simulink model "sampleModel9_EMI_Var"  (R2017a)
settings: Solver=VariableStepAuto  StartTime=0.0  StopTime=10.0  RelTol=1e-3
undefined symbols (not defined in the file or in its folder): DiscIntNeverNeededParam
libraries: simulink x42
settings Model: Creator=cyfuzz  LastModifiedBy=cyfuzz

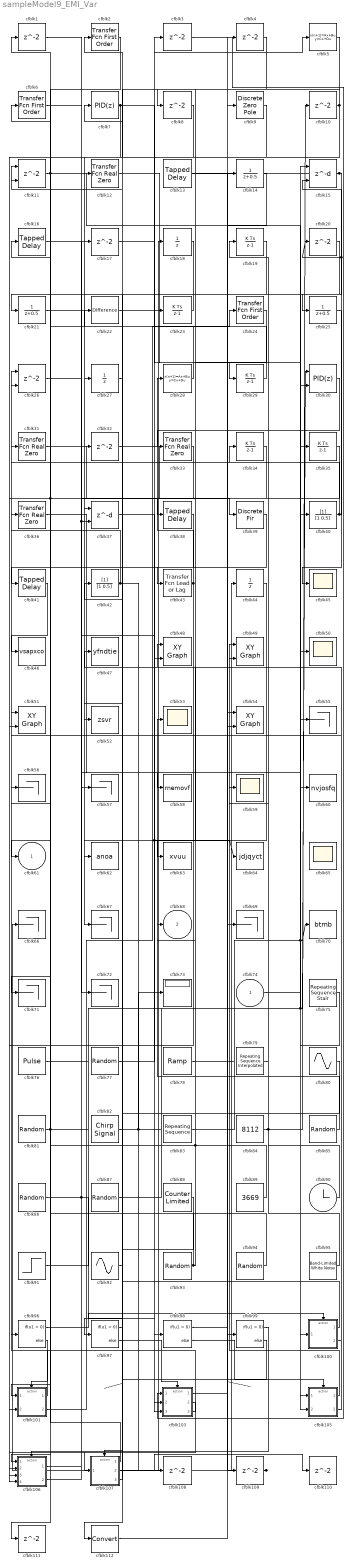
== system sampleModel9_EMI_Var ==
  cfblk74 : Inport
  cfblk{1,3..4,8,10,17,20,32,108..111} (12 alike) : Delay  SampleTime=1
  cfblk100 : Subsystem  TreatAsAtomicUnit=on
  cfblk101 : Subsystem  TreatAsAtomicUnit=on
  cfblk103 : Subsystem  TreatAsAtomicUnit=on
  cfblk105 : Subsystem  TreatAsAtomicUnit=on
  cfblk106 : Subsystem  TreatAsAtomicUnit=on
  cfblk107 : Subsystem  TreatAsAtomicUnit=on
  cfblk11 : Delay  ShowEnablePort=on  SampleTime=1
      settings: InputPortMap=u0,e6
  cfblk112 : DataTypeConversion
  cfblk{12,31,33,36} (4 alike) : simulink/Discrete/Transfer Fcn Real Zero  ZeroZ=0.75  ICPrevInput=0.0  DoSatur=off
      settings: SourceProductName=Simulink  SourceProductBaseCode=SL
  cfblk{13,16,38,41} (4 alike) : simulink/Discrete/Tapped Delay  vinit=0.0  samptime=-1  NumDelays=1  DelayOrder=Oldest  includeCurrent=off
  cfblk14 : DiscreteTransferFcn  SampleTime=1
  cfblk15 : Delay  DelayLengthSource=Input port  SampleTime=1
      settings: InputPortMap=u0,p1
  cfblk18 : UnitDelay
  cfblk{19,23,29,34..35} (5 alike) : DiscreteIntegrator  InitialConditionSetting=State (most efficient)  ICPrevOutput=DiscIntNeverNeededParam  ICPrevScaledInput=DiscIntNeverNeededParam
  cfblk2 : simulink/Discrete/Transfer Fcn First Order  PoleZ=0.95  ICPrevOutput=0.0  DoSatur=off
      settings: SourceProductName=Simulink
  cfblk21 : DiscreteTransferFcn  SampleTime=1
  cfblk22 : simulink/Discrete/Difference  ICPrevInput=0.0  OutMin=[]  OutMax=[]  OutDataTypeStr=Inherit: Inherit via back propagation  OutDataType=fixdt(1, 16)  OutScaling=2^-10  DoSatur=off
  cfblk24 : simulink/Discrete/Transfer Fcn First Order  PoleZ=0.95  ICPrevOutput=0.0  DoSatur=off
      settings: SourceProductName=Simulink
  cfblk25 : DiscreteTransferFcn  SampleTime=1
  cfblk26 : Delay  ShowEnablePort=on  SampleTime=1
      settings: InputPortMap=u0,e6
  cfblk27 : UnitDelay
  cfblk28 : DiscreteStateSpace
  cfblk30 : simulink/Continuous/PID Controller (2DOF)  Controller=PID  TimeDomain=Discrete-time  SampleTime=1  IntegratorMethod=Forward Euler  FilterMethod=Forward Euler  Form=Parallel  UseFilter=on  ControllerParametersSource=internal  P=1  I=1  D=0  N=100  b=1  c=1  InitialConditionSource=internal  InitialConditionForIntegrator=0  InitialConditionForFilter=0  ExternalReset=none  LimitOutput=off  UpperSaturationLimit=inf  LowerSaturationLimit=-inf  LinearizeAsGain=off  AntiWindupMode=none  Kb=1  TrackingMode=off  Kt=1  PParamMin=[]  PParamMax=[]  IParamMin=[]  IParamMax=[]  DParamMin=[]  DParamMax=[]  NParamMin=[]  NParamMax=[]  bParamMin=[]  bParamMax=[]  cParamMin=[]  cParamMax=[]  KbParamMin=[]  KbParamMax=[]  KtParamMin=[]  KtParamMax=[]  POutMin=[]  POutMax=[]  IOutMin=[]  IOutMax=[]  DOutMin=[]  DOutMax=[]  NOutMin=[]  NOutMax=[]  bOutMin=[]  bOutMax=[]  cOutMin=[]  cOutMax=[]  KbOutMin=[]  KbOutMax=[]  KtOutMin=[]  KtOutMax=[]  IntegratorOutMin=[]  IntegratorOutMax=[]  FilterOutMin=[]  FilterOutMax=[]  SumOutMin=[]  SumOutMax=[]  Sum1OutMin=[]  Sum1OutMax=[]  Sum2OutMin=[]  Sum2OutMax=[]  Sum3OutMin=[]  Sum3OutMax=[]  SumI1OutMin=[]  SumI1OutMax=[]  SumI2OutMin=[]  SumI2OutMax=[]  SumI3OutMin=[]  SumI3OutMax=[]  SumDOutMin=[]  SumDOutMax=[]  SaturationOutMin=[]  SaturationOutMax=[]  IntegratorContinuousStateAttributes=''  IntegratorStateMustResolveToSignalObject=off  IntegratorRTWStateStorageClass=Auto  FilterContinuousStateAttributes=''  FilterStateMustResolveToSignalObject=off  FilterRTWStateStorageClass=Auto  DifferentiatorICPrevScaledInput=0  DifferentiatorOutMin=[]  DifferentiatorOutMax=[]  InitialConditionSetting=State (most efficient)
  cfblk37 : Delay  DelayLengthSource=Input port  SampleTime=1
      settings: InputPortMap=u0,p1
  cfblk39 : DiscreteFir  SampleTime=1
  cfblk40 : DiscreteFilter  SampleTime=1
  cfblk42 : DiscreteFilter  SampleTime=1
  cfblk43 : simulink/Discrete/Transfer Fcn Lead or Lag  PoleZ=0.95  ZeroZ=0.75  ICPrevOutput=0.0  ICPrevInput=0.0  DoSatur=off
      settings: SourceProductName=Simulink  SourceProductBaseCode=SL
  cfblk44 : UnitDelay
  cfblk{45,50,53,59,65} (5 alike) : Scope
      cfblk65 settings: Floating=on
  cfblk46 : ToWorkspace  VariableName=vsapxco  SaveFormat=Timeseries  SampleTime=-1
  cfblk47 : ToWorkspace  VariableName=yfndtie  SaveFormat=Timeseries  SampleTime=-1
  cfblk{48..49,51,54} (4 alike) : simulink/Sinks/XY Graph  xmin=-1  xmax=1  ymin=-1  ymax=1  st=-1
  cfblk5 : DiscreteStateSpace
  cfblk52 : ToFile  Filename=zsvr  SaveFormat=Timeseries
  cfblk{55..57,66..67,69,71..72} (8 alike) : Terminator
  cfblk58 : ToWorkspace  VariableName=rnemovf  SaveFormat=Timeseries  SampleTime=-1
  cfblk6 : simulink/Discrete/Transfer Fcn First Order  PoleZ=0.95  ICPrevOutput=0.0  DoSatur=off
      settings: SourceProductName=Simulink
  cfblk60 : ToWorkspace  VariableName=nvjosfq  SaveFormat=Timeseries  SampleTime=-1
  cfblk62 : ToFile  Filename=anoa  SaveFormat=Timeseries
  cfblk63 : ToFile  Filename=xvuu  SaveFormat=Timeseries
  cfblk64 : ToWorkspace  VariableName=jdjqyct  SaveFormat=Timeseries  SampleTime=-1
  cfblk7 : simulink/Continuous/PID Controller  Controller=PID  TimeDomain=Discrete-time  SampleTime=1  IntegratorMethod=Forward Euler  FilterMethod=Forward Euler  Form=Parallel  UseFilter=on  ControllerParametersSource=internal  P=1  I=1  D=0  N=100  InitialConditionSource=internal  InitialConditionForIntegrator=0  InitialConditionForFilter=0  ExternalReset=none  LimitOutput=off  UpperSaturationLimit=inf  LowerSaturationLimit=-inf  LinearizeAsGain=off  AntiWindupMode=none  Kb=1  TrackingMode=off  Kt=1  PParamMin=[]  PParamMax=[]  IParamMin=[]  IParamMax=[]  DParamMin=[]  DParamMax=[]  NParamMin=[]  NParamMax=[]  KbParamMin=[]  KbParamMax=[]  KtParamMin=[]  KtParamMax=[]  POutMin=[]  POutMax=[]  IOutMin=[]  IOutMax=[]  DOutMin=[]  DOutMax=[]  NOutMin=[]  NOutMax=[]  KbOutMin=[]  KbOutMax=[]  KtOutMin=[]  KtOutMax=[]  IntegratorOutMin=[]  IntegratorOutMax=[]  FilterOutMin=[]  FilterOutMax=[]  SumOutMin=[]  SumOutMax=[]  SumI1OutMin=[]  SumI1OutMax=[]  SumI2OutMin=[]  SumI2OutMax=[]  SumI3OutMin=[]  SumI3OutMax=[]  SumDOutMin=[]  SumDOutMax=[]  SaturationOutMin=[]  SaturationOutMax=[]  IntegratorContinuousStateAttributes=''  IntegratorStateMustResolveToSignalObject=off  IntegratorRTWStateStorageClass=Auto  FilterContinuousStateAttributes=''  FilterStateMustResolveToSignalObject=off  FilterRTWStateStorageClass=Auto  DifferentiatorICPrevScaledInput=0  DifferentiatorOutMin=[]  DifferentiatorOutMax=[]  InitialConditionSetting=State (most efficient)
  cfblk70 : ToFile  Filename=btmb  SaveFormat=Timeseries
  cfblk73 : Display
  cfblk75 : simulink/Sources/Repeating Sequence Stair  OutValues=[3 1 4 2 1].'  tsamp=-1  OutMin=[]  OutMax=[]  OutDataTypeStr=double  OutputDataTypeScalingMode=double  OutDataType=fixdt(0,8)  ConRadixGroup=Best Precision: Vector-wise  OutScaling=2^-12
  cfblk76 : DiscretePulseGenerator  PulseType=Time based  Period=10  PulseWidth=5
  cfblk{77,81,85..87,93..94} (7 alike) : RandomNumber  SampleTime=0.1
  cfblk78 : simulink/Sources/Ramp  slope=1  start=0  X0=0
  cfblk79 : simulink/Sources/Repeating Sequence Interpolated  OutValues=[3 1 4 2 1].'  TimeValues=[0 0.1 0.5 0.6 1].'  LookUpMeth=Interpolation-Use End Values  tsamp=0.01  OutMin=[]  OutMax=[]  OutDataTypeStr=double  OutputDataTypeScalingMode=double  OutDataType=fixdt(0,8)  OutScaling=2^-10
  cfblk80 : Sin  SampleTime=0
  cfblk82 : simulink/Sources/Chirp Signal  f1=0.1  T=100  f2=1
  cfblk83 : simulink/Sources/Repeating Sequence  rep_seq_t=[0 2]  rep_seq_y=[0 2]
  cfblk84 : Constant  Value=8112
  cfblk88 : simulink/Sources/Counter Limited  uplimit=7  tsamp=-1
  cfblk89 : Constant  Value=3669
  cfblk9 : DiscreteZeroPole  Poles=[0 0.5]  Gain=1
  cfblk90 : Clock
  cfblk91 : Step  After=97  SampleTime=0
  cfblk92 : Sin  SampleTime=0
  cfblk95 : simulink/Sources/Band-Limited White Noise  Cov=[0.1]  Ts=0.1  seed=[23341]
  cfblk{96..99} (4 alike) : If  SampleTime=1
  cfblk61 : Outport
  cfblk68 : Outport  Port=2
  wires:
  cfblk85/1 -> cfblk53/1
  cfblk101/1(cfblk2) -> cfblk26/1
  cfblk8/1 -> cfblk67/1
  cfblk101/2(cfblk13) -> cfblk24/1
  cfblk84/1 -> cfblk10/1, cfblk59/1
  cfblk86/1 -> cfblk57/1, cfblk103/3(cfblk7)
  cfblk92/1 -> cfblk2/1
  cfblk9/1 -> cfblk41/1
  cfblk10/1 -> cfblk8/1, cfblk33/1
  cfblk106/1(cfblk2) -> cfblk17/1
  cfblk43/1 -> cfblk28/1, cfblk106/4(cfblk8)
  cfblk20/1 -> cfblk97/1
  cfblk30/1 -> cfblk63/1
  cfblk76/1 -> cfblk30/1, cfblk30/2
  cfblk11/1 -> cfblk35/1, cfblk111/1
  cfblk38/1 -> cfblk106/1(cfblk1)
  cfblk25/1 -> cfblk45/1
  cfblk95/1 -> cfblk19/1
  cfblk40/1 -> cfblk15/2, cfblk20/1, cfblk26/2
  cfblk105/1(cfblk2) -> cfblk49/1
  cfblk21/1 -> cfblk27/1
  cfblk42/1 -> cfblk31/1, cfblk108/1
  cfblk18/1 -> cfblk37/1
  cfblk22/1 -> cfblk60/1
  cfblk36/1 -> cfblk105/1(cfblk1)
  cfblk74/1 -> cfblk40/1
  cfblk91/1 -> cfblk55/1
  cfblk12/1 -> cfblk100/1(cfblk1)
  cfblk27/1 -> cfblk7/1
  cfblk31/1 -> cfblk54/1
  cfblk3/1 -> cfblk103/1(cfblk1)
  cfblk80/1 -> cfblk107/1(cfblk1)
  cfblk14/1 -> cfblk54/2
  cfblk77/1 -> cfblk3/1
  cfblk87/1 -> cfblk4/1
  cfblk23/1 -> cfblk21/1
  cfblk15/1 -> cfblk25/1, cfblk13/1
  cfblk2/1 -> cfblk71/1
  cfblk106/2(cfblk9) -> cfblk32/1
  cfblk7/1 -> cfblk29/1, cfblk101/2(cfblk12)
  cfblk81/1 -> cfblk56/1, cfblk23/1
  cfblk103/1(cfblk2) -> cfblk99/1
  cfblk93/1 -> cfblk6/1, cfblk48/1
  cfblk37/1 -> cfblk98/1, cfblk64/1
  cfblk5/1 -> cfblk12/1
  cfblk94/1 -> cfblk22/1
  cfblk100/1(cfblk2) -> cfblk42/1
  cfblk89/1 -> cfblk16/1, cfblk68/1
  cfblk105/2(cfblk13) -> cfblk51/1
  cfblk4/1 -> cfblk43/1
  cfblk75/1 -> cfblk105/2(cfblk12)
  cfblk41/1 -> cfblk46/1
  cfblk24/1 -> cfblk38/1
  cfblk17/1 -> cfblk5/1
  cfblk79/1 -> cfblk49/2
  cfblk100/2(cfblk10) -> cfblk47/1
  cfblk16/1 -> cfblk72/1
  cfblk78/1 -> cfblk15/1
  cfblk6/1 -> cfblk39/1
  cfblk44/1 -> cfblk62/1
  cfblk39/1 -> cfblk103/2(cfblk6)
  cfblk35/1 -> cfblk52/1
  cfblk34/1 -> cfblk106/2(cfblk6)
  cfblk107/1(cfblk2) -> cfblk36/1
  cfblk103/2(cfblk8) -> cfblk106/3(cfblk7)
  cfblk83/1 -> cfblk70/1, cfblk50/1
  cfblk32/1 -> cfblk69/1
  cfblk26/1 -> cfblk37/2, cfblk48/2
  cfblk19/1 -> cfblk101/1(cfblk1)
  cfblk28/1 -> cfblk11/1
  cfblk1/1 -> cfblk58/1
  cfblk29/1 -> cfblk1/1
  cfblk33/1 -> cfblk61/1, cfblk51/2
  cfblk82/1 -> cfblk14/1, cfblk73/1
  cfblk90/1 -> cfblk34/1
  cfblk103/3(cfblk9) -> cfblk96/1
  cfblk107/3(cfblk7) -> cfblk11/2
  cfblk96/1 -> cfblk100/Action
  cfblk96/2 -> cfblk101/Action
  cfblk97/1 -> ?
  cfblk97/2 -> cfblk103/Action
  cfblk98/1 -> ?
  cfblk98/2 -> cfblk105/Action
  cfblk99/1 -> cfblk106/Action
  cfblk99/2 -> cfblk107/Action
  cfblk13/1 -> cfblk109/1
  cfblk107/2(cfblk6) -> cfblk110/1
  cfblk88/1 -> cfblk112/1
  cfblk112/1 -> cfblk9/1
  cfblk109/1 -> cfblk18/1, cfblk44/1, cfblk66/1

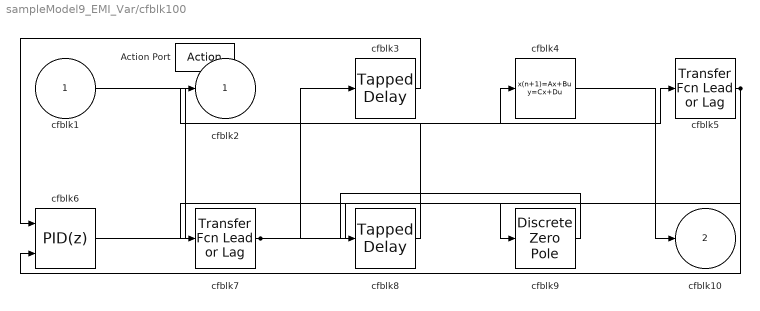
== system sampleModel9_EMI_Var/cfblk100 ==
  cfblk1 : Inport
  Action Port : ActionPort  ActionType=then
  cfblk3 : simulink/Discrete/Tapped Delay  vinit=0.0  samptime=-1  NumDelays=1  DelayOrder=Oldest  includeCurrent=off
  cfblk4 : DiscreteStateSpace  SampleTime=-1
  cfblk5 : simulink/Discrete/Transfer Fcn Lead or Lag  PoleZ=0.95  ZeroZ=0.75  ICPrevOutput=0.0  ICPrevInput=0.0  DoSatur=off
      settings: SourceProductName=Simulink  SourceProductBaseCode=SL
  cfblk6 : simulink/Continuous/PID Controller (2DOF)  Controller=PID  TimeDomain=Discrete-time  SampleTime=-1  IntegratorMethod=Forward Euler  FilterMethod=Forward Euler  Form=Parallel  UseFilter=on  ControllerParametersSource=internal  P=1  I=1  D=0  N=100  b=1  c=1  InitialConditionSource=internal  InitialConditionForIntegrator=0  InitialConditionForFilter=0  ExternalReset=none  LimitOutput=off  UpperSaturationLimit=inf  LowerSaturationLimit=-inf  LinearizeAsGain=off  AntiWindupMode=none  Kb=1  TrackingMode=off  Kt=1  PParamMin=[]  PParamMax=[]  IParamMin=[]  IParamMax=[]  DParamMin=[]  DParamMax=[]  NParamMin=[]  NParamMax=[]  bParamMin=[]  bParamMax=[]  cParamMin=[]  cParamMax=[]  KbParamMin=[]  KbParamMax=[]  KtParamMin=[]  KtParamMax=[]  POutMin=[]  POutMax=[]  IOutMin=[]  IOutMax=[]  DOutMin=[]  DOutMax=[]  NOutMin=[]  NOutMax=[]  bOutMin=[]  bOutMax=[]  cOutMin=[]  cOutMax=[]  KbOutMin=[]  KbOutMax=[]  KtOutMin=[]  KtOutMax=[]  IntegratorOutMin=[]  IntegratorOutMax=[]  FilterOutMin=[]  FilterOutMax=[]  SumOutMin=[]  SumOutMax=[]  Sum1OutMin=[]  Sum1OutMax=[]  Sum2OutMin=[]  Sum2OutMax=[]  Sum3OutMin=[]  Sum3OutMax=[]  SumI1OutMin=[]  SumI1OutMax=[]  SumI2OutMin=[]  SumI2OutMax=[]  SumI3OutMin=[]  SumI3OutMax=[]  SumDOutMin=[]  SumDOutMax=[]  SaturationOutMin=[]  SaturationOutMax=[]  IntegratorContinuousStateAttributes=''  IntegratorStateMustResolveToSignalObject=off  IntegratorRTWStateStorageClass=Auto  FilterContinuousStateAttributes=''  FilterStateMustResolveToSignalObject=off  FilterRTWStateStorageClass=Auto  DifferentiatorICPrevScaledInput=0  DifferentiatorOutMin=[]  DifferentiatorOutMax=[]  InitialConditionSetting=State (most efficient)
  cfblk7 : simulink/Discrete/Transfer Fcn Lead or Lag  PoleZ=0.95  ZeroZ=0.75  ICPrevOutput=0.0  ICPrevInput=0.0  DoSatur=off
      settings: SourceProductName=Simulink  SourceProductBaseCode=SL
  cfblk8 : simulink/Discrete/Tapped Delay  vinit=0.0  samptime=-1  NumDelays=1  DelayOrder=Oldest  includeCurrent=off
  cfblk9 : DiscreteZeroPole  Poles=[0 0.5]  Gain=1  SampleTime=-1
  cfblk2 : Outport
  cfblk10 : Outport  Port=2
  wires:
  cfblk1/1 -> cfblk5/1
  cfblk6/1 -> cfblk4/1
  cfblk3/1 -> cfblk6/1
  cfblk5/1 -> cfblk6/2, cfblk7/1
  cfblk7/1 -> cfblk9/1, cfblk3/1
  cfblk4/1 -> cfblk10/1
  cfblk9/1 -> cfblk8/1
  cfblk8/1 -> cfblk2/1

Exercise description
Please print the lines exactly, from the top of the material through the line with "cfblk15 : Delay", and omit the pictures.

Output for this exercise
simulink model "sampleModel9_EMI_Var"  (R2017a)
settings: Solver=VariableStepAuto  StartTime=0.0  StopTime=10.0  RelTol=1e-3
undefined symbols (not defined in the file or in its folder): DiscIntNeverNeededParam
libraries: simulink x42
settings Model: Creator=cyfuzz  LastModifiedBy=cyfuzz

== system sampleModel9_EMI_Var ==
  cfblk74 : Inport
  cfblk{1,3..4,8,10,17,20,32,108..111} (12 alike) : Delay  SampleTime=1
  cfblk100 : Subsystem  TreatAsAtomicUnit=on
  cfblk101 : Subsystem  TreatAsAtomicUnit=on
  cfblk103 : Subsystem  TreatAsAtomicUnit=on
  cfblk105 : Subsystem  TreatAsAtomicUnit=on
  cfblk106 : Subsystem  TreatAsAtomicUnit=on
  cfblk107 : Subsystem  TreatAsAtomicUnit=on
  cfblk11 : Delay  ShowEnablePort=on  SampleTime=1
      settings: InputPortMap=u0,e6
  cfblk112 : DataTypeConversion
  cfblk{12,31,33,36} (4 alike) : simulink/Discrete/Transfer Fcn Real Zero  ZeroZ=0.75  ICPrevInput=0.0  DoSatur=off
      settings: SourceProductName=Simulink  SourceProductBaseCode=SL
  cfblk{13,16,38,41} (4 alike) : simulink/Discrete/Tapped Delay  vinit=0.0  samptime=-1  NumDelays=1  DelayOrder=Oldest  includeCurrent=off
  cfblk14 : DiscreteTransferFcn  SampleTime=1
  cfblk15 : Delay  DelayLengthSource=Input port  SampleTime=1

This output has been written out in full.